• [ACTION ITEM]
Here are some records; copy every line that holds the word "ezdxf".

(Collection entries)
━━━━━━━━━━━━━━━━━━━━━━━━━━━━━━
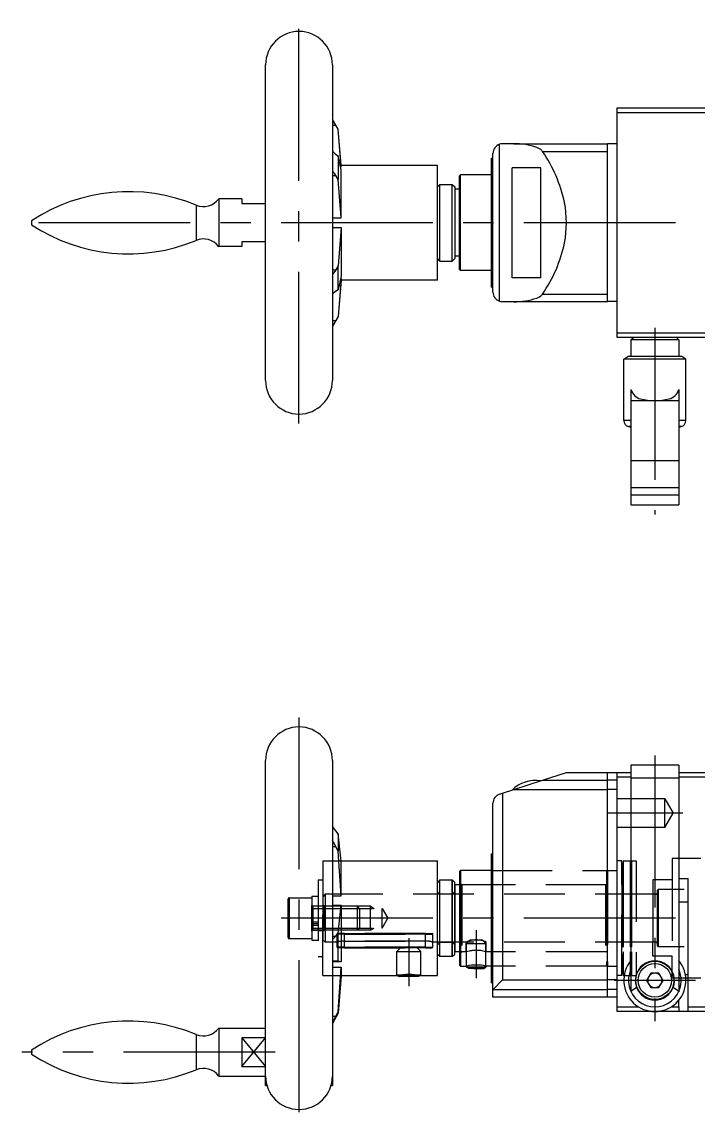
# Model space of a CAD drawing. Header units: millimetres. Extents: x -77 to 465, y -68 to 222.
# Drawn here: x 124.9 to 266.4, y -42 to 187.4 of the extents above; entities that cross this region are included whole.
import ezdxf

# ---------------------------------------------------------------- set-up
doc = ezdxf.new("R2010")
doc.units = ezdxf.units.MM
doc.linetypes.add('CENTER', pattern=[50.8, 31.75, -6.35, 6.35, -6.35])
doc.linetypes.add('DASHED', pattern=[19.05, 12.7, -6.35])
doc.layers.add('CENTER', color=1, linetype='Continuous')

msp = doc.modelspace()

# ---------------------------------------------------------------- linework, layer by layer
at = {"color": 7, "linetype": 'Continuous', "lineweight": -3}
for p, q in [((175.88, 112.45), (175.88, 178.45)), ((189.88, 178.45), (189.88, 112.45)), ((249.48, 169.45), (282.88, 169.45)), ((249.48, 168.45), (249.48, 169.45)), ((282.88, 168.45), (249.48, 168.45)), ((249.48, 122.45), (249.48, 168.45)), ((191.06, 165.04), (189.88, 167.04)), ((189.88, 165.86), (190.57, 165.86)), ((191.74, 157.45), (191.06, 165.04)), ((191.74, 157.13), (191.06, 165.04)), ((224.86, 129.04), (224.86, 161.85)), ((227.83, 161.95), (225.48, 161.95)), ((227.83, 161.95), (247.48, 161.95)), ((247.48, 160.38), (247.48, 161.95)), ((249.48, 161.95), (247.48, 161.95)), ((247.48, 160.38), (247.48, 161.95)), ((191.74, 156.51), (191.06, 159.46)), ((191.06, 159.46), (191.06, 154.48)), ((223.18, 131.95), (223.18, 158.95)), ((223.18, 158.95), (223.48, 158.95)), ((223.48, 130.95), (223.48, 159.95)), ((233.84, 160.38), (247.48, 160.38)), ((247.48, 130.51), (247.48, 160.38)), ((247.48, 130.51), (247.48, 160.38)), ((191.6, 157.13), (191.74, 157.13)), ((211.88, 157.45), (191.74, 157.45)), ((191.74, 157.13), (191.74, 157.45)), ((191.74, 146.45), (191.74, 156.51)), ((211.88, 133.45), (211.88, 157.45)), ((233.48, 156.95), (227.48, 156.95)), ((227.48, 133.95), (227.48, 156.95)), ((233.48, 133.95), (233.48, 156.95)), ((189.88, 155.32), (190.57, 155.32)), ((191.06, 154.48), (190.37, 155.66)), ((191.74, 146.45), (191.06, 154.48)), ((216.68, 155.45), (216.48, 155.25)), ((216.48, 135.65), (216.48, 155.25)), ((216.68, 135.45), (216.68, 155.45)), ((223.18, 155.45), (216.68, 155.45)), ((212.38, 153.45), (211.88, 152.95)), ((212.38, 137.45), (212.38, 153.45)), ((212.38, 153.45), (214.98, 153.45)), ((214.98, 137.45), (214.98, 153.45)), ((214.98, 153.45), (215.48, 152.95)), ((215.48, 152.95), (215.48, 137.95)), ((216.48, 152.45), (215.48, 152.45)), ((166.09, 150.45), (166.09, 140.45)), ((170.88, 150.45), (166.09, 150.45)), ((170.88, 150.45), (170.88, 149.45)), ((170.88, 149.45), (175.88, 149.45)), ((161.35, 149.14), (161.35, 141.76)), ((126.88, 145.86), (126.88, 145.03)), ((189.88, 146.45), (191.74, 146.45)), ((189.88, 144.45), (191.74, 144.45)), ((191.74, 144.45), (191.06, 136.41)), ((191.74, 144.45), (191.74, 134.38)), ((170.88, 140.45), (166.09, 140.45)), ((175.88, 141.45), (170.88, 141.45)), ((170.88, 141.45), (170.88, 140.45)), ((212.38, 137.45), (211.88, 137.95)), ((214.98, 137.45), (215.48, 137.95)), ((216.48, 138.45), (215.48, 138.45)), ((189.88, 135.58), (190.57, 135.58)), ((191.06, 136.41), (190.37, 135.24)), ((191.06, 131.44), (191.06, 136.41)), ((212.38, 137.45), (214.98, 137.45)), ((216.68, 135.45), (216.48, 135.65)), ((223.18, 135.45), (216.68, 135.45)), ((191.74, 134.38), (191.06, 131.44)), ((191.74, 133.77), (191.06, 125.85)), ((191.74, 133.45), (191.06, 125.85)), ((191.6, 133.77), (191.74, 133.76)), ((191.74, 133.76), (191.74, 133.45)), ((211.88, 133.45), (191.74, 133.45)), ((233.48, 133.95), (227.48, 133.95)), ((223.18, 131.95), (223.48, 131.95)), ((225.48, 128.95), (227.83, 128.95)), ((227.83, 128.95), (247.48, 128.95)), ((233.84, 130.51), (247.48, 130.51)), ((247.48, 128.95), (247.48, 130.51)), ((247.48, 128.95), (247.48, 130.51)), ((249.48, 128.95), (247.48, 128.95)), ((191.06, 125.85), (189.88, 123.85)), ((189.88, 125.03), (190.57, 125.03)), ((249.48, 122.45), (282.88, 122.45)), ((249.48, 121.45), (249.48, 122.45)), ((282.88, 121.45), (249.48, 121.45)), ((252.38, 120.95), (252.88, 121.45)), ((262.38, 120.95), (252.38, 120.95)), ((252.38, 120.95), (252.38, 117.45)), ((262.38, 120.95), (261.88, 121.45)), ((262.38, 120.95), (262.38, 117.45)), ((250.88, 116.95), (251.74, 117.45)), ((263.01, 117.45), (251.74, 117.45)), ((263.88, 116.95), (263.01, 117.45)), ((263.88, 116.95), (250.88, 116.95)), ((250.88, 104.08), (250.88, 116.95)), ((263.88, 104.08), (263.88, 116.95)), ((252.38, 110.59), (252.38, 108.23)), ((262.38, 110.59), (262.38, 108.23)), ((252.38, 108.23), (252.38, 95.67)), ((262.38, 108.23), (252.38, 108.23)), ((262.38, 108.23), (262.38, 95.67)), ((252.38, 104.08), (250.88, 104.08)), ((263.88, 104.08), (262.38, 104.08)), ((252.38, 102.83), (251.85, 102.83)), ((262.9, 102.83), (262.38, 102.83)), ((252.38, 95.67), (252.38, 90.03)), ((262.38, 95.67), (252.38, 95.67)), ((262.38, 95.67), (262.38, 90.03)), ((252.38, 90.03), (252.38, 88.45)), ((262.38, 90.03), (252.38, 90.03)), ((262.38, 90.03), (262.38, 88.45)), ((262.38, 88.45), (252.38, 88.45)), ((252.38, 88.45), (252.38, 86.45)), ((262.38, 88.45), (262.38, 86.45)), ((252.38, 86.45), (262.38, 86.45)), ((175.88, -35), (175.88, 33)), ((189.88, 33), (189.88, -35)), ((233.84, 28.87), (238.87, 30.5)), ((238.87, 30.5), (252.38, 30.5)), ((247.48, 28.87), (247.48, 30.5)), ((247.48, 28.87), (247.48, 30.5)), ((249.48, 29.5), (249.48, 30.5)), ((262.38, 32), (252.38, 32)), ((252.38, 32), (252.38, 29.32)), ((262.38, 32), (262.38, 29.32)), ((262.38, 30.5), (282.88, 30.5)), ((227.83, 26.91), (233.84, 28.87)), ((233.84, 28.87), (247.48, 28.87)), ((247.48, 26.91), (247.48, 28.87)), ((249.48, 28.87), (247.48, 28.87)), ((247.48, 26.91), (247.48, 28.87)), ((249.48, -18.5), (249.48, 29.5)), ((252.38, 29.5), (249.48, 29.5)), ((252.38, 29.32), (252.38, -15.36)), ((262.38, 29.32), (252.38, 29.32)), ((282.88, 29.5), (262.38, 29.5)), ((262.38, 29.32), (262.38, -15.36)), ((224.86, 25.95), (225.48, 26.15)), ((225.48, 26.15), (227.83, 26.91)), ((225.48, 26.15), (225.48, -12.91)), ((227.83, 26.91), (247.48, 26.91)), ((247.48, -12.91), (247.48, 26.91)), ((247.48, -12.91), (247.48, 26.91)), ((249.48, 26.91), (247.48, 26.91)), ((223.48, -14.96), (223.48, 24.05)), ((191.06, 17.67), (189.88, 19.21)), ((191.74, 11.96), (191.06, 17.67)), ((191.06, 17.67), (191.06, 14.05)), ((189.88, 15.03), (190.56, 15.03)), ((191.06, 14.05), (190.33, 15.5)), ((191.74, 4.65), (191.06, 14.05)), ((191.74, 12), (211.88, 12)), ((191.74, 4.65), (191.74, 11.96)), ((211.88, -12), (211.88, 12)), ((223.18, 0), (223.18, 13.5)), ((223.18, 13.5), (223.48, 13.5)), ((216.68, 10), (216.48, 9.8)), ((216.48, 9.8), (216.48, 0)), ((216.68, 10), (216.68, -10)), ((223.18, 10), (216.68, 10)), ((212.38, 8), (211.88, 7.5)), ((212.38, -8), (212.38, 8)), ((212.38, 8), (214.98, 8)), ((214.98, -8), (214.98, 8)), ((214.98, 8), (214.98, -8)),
━━━━━━━━━━━━━━━━━━━━━━━━━━━━━━
• [OUTPUT BELOW]
import ezdxf
doc = ezdxf.new("R2010")
doc.units = ezdxf.units.MM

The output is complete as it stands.